» Data for review:
=== Section Start ===

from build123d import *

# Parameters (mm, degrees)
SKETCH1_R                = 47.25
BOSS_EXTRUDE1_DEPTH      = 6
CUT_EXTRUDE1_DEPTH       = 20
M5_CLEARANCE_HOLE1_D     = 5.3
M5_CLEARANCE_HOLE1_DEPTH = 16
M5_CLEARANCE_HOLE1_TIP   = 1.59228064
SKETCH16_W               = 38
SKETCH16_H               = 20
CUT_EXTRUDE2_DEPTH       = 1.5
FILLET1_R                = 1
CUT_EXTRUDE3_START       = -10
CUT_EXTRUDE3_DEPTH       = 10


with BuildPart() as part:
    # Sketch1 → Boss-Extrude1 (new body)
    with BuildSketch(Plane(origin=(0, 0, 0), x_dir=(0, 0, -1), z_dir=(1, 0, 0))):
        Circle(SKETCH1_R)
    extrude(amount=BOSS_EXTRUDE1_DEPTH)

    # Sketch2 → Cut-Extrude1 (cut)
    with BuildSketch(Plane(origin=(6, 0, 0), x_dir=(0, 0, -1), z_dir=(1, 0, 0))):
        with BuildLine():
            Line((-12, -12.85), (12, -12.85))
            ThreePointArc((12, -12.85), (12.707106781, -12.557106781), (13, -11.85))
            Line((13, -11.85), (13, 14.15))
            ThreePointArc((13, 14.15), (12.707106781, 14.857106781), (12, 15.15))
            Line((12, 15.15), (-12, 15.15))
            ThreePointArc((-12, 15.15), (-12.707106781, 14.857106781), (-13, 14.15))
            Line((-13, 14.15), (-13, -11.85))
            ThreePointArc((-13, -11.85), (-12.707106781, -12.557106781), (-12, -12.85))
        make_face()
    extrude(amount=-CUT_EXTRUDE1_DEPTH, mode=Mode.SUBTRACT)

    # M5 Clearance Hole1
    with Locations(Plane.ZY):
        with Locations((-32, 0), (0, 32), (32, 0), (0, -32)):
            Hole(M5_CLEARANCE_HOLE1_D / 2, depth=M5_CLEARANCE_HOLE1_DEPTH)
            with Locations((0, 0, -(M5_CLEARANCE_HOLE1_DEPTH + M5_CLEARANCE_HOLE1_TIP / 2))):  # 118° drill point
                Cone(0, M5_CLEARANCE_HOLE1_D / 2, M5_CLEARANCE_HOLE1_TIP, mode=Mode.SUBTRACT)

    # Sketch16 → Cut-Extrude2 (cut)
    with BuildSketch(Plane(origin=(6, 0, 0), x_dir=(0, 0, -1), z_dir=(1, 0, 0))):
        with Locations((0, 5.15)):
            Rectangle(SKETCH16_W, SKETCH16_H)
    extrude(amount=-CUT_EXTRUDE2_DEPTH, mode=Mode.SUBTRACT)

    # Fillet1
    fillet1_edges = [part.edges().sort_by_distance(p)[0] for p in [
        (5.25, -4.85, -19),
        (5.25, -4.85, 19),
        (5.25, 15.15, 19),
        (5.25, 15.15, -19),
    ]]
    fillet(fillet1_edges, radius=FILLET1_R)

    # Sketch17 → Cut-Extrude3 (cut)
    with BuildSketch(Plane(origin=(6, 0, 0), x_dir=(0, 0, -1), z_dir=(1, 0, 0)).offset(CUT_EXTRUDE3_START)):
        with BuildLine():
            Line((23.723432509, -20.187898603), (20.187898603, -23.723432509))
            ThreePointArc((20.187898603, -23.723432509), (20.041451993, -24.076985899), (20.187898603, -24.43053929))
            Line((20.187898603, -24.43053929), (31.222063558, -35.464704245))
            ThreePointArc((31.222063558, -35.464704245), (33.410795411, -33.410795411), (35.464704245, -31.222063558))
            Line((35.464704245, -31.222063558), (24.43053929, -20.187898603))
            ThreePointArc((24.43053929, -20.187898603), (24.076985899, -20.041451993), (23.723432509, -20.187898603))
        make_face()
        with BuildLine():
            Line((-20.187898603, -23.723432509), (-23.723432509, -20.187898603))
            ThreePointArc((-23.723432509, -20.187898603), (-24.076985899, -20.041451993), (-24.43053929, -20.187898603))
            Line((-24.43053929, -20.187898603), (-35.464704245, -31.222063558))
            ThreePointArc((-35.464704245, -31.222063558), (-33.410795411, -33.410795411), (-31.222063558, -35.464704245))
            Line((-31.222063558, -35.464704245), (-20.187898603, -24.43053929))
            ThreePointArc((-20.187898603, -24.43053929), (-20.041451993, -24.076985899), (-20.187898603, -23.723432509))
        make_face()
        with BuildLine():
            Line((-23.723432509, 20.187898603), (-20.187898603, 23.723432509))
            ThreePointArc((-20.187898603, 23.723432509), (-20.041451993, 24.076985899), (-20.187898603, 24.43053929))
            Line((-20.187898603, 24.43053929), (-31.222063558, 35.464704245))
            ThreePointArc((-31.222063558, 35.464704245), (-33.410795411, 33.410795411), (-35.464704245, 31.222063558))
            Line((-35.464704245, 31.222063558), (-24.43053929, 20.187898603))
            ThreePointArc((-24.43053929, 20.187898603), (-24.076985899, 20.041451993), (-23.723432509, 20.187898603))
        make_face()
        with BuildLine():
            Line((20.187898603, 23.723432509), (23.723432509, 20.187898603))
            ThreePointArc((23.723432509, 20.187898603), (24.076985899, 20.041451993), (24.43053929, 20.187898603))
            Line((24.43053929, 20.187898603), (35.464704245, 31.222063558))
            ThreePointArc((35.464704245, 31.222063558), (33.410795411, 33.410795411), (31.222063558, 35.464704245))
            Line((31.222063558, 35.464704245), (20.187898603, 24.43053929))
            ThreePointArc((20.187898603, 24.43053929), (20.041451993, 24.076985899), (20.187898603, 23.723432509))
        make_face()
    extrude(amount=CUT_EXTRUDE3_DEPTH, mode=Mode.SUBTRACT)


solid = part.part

=== Section End ===

» Goal of the exercise:
All of the records above need to be printed again exactly as they appear.

» Response to this task:
from build123d import *

# Parameters (mm, degrees)
SKETCH1_R                = 47.25
BOSS_EXTRUDE1_DEPTH      = 6
CUT_EXTRUDE1_DEPTH       = 20
M5_CLEARANCE_HOLE1_D     = 5.3
M5_CLEARANCE_HOLE1_DEPTH = 16
M5_CLEARANCE_HOLE1_TIP   = 1.59228064
SKETCH16_W               = 38
SKETCH16_H               = 20
CUT_EXTRUDE2_DEPTH       = 1.5
FILLET1_R                = 1
CUT_EXTRUDE3_START       = -10
CUT_EXTRUDE3_DEPTH       = 10


with BuildPart() as part:
    # Sketch1 → Boss-Extrude1 (new body)
    with BuildSketch(Plane(origin=(0, 0, 0), x_dir=(0, 0, -1), z_dir=(1, 0, 0))):
        Circle(SKETCH1_R)
    extrude(amount=BOSS_EXTRUDE1_DEPTH)

    # Sketch2 → Cut-Extrude1 (cut)
    with BuildSketch(Plane(origin=(6, 0, 0), x_dir=(0, 0, -1), z_dir=(1, 0, 0))):
        with BuildLine():
            Line((-12, -12.85), (12, -12.85))
            ThreePointArc((12, -12.85), (12.707106781, -12.557106781), (13, -11.85))
            Line((13, -11.85), (13, 14.15))
            ThreePointArc((13, 14.15), (12.707106781, 14.857106781), (12, 15.15))
            Line((12, 15.15), (-12, 15.15))
            ThreePointArc((-12, 15.15), (-12.707106781, 14.857106781), (-13, 14.15))
            Line((-13, 14.15), (-13, -11.85))
            ThreePointArc((-13, -11.85), (-12.707106781, -12.557106781), (-12, -12.85))
        make_face()
    extrude(amount=-CUT_EXTRUDE1_DEPTH, mode=Mode.SUBTRACT)

    # M5 Clearance Hole1
    with Locations(Plane.ZY):
        with Locations((-32, 0), (0, 32), (32, 0), (0, -32)):
            Hole(M5_CLEARANCE_HOLE1_D / 2, depth=M5_CLEARANCE_HOLE1_DEPTH)
            with Locations((0, 0, -(M5_CLEARANCE_HOLE1_DEPTH + M5_CLEARANCE_HOLE1_TIP / 2))):  # 118° drill point
                Cone(0, M5_CLEARANCE_HOLE1_D / 2, M5_CLEARANCE_HOLE1_TIP, mode=Mode.SUBTRACT)

    # Sketch16 → Cut-Extrude2 (cut)
    with BuildSketch(Plane(origin=(6, 0, 0), x_dir=(0, 0, -1), z_dir=(1, 0, 0))):
        with Locations((0, 5.15)):
            Rectangle(SKETCH16_W, SKETCH16_H)
    extrude(amount=-CUT_EXTRUDE2_DEPTH, mode=Mode.SUBTRACT)

    # Fillet1
    fillet1_edges = [part.edges().sort_by_distance(p)[0] for p in [
        (5.25, -4.85, -19),
        (5.25, -4.85, 19),
        (5.25, 15.15, 19),
        (5.25, 15.15, -19),
    ]]
    fillet(fillet1_edges, radius=FILLET1_R)

    # Sketch17 → Cut-Extrude3 (cut)
    with BuildSketch(Plane(origin=(6, 0, 0), x_dir=(0, 0, -1), z_dir=(1, 0, 0)).offset(CUT_EXTRUDE3_START)):
        with BuildLine():
            Line((23.723432509, -20.187898603), (20.187898603, -23.723432509))
            ThreePointArc((20.187898603, -23.723432509), (20.041451993, -24.076985899), (20.187898603, -24.43053929))
            Line((20.187898603, -24.43053929), (31.222063558, -35.464704245))
            ThreePointArc((31.222063558, -35.464704245), (33.410795411, -33.410795411), (35.464704245, -31.222063558))
            Line((35.464704245, -31.222063558), (24.43053929, -20.187898603))
            ThreePointArc((24.43053929, -20.187898603), (24.076985899, -20.041451993), (23.723432509, -20.187898603))
        make_face()
        with BuildLine():
            Line((-20.187898603, -23.723432509), (-23.723432509, -20.187898603))
            ThreePointArc((-23.723432509, -20.187898603), (-24.076985899, -20.041451993), (-24.43053929, -20.187898603))
            Line((-24.43053929, -20.187898603), (-35.464704245, -31.222063558))
            ThreePointArc((-35.464704245, -31.222063558), (-33.410795411, -33.410795411), (-31.222063558, -35.464704245))
            Line((-31.222063558, -35.464704245), (-20.187898603, -24.43053929))
            ThreePointArc((-20.187898603, -24.43053929), (-20.041451993, -24.076985899), (-20.187898603, -23.723432509))
        make_face()
        with BuildLine():
            Line((-23.723432509, 20.187898603), (-20.187898603, 23.723432509))
            ThreePointArc((-20.187898603, 23.723432509), (-20.041451993, 24.076985899), (-20.187898603, 24.43053929))
            Line((-20.187898603, 24.43053929), (-31.222063558, 35.464704245))
            ThreePointArc((-31.222063558, 35.464704245), (-33.410795411, 33.410795411), (-35.464704245, 31.222063558))
            Line((-35.464704245, 31.222063558), (-24.43053929, 20.187898603))
            ThreePointArc((-24.43053929, 20.187898603), (-24.076985899, 20.041451993), (-23.723432509, 20.187898603))
        make_face()
        with BuildLine():
            Line((20.187898603, 23.723432509), (23.723432509, 20.187898603))
            ThreePointArc((23.723432509, 20.187898603), (24.076985899, 20.041451993), (24.43053929, 20.187898603))
            Line((24.43053929, 20.187898603), (35.464704245, 31.222063558))
            ThreePointArc((35.464704245, 31.222063558), (33.410795411, 33.410795411), (31.222063558, 35.464704245))
            Line((31.222063558, 35.464704245), (20.187898603, 24.43053929))
            ThreePointArc((20.187898603, 24.43053929), (20.041451993, 24.076985899), (20.187898603, 23.723432509))
        make_face()
    extrude(amount=CUT_EXTRUDE3_DEPTH, mode=Mode.SUBTRACT)


solid = part.part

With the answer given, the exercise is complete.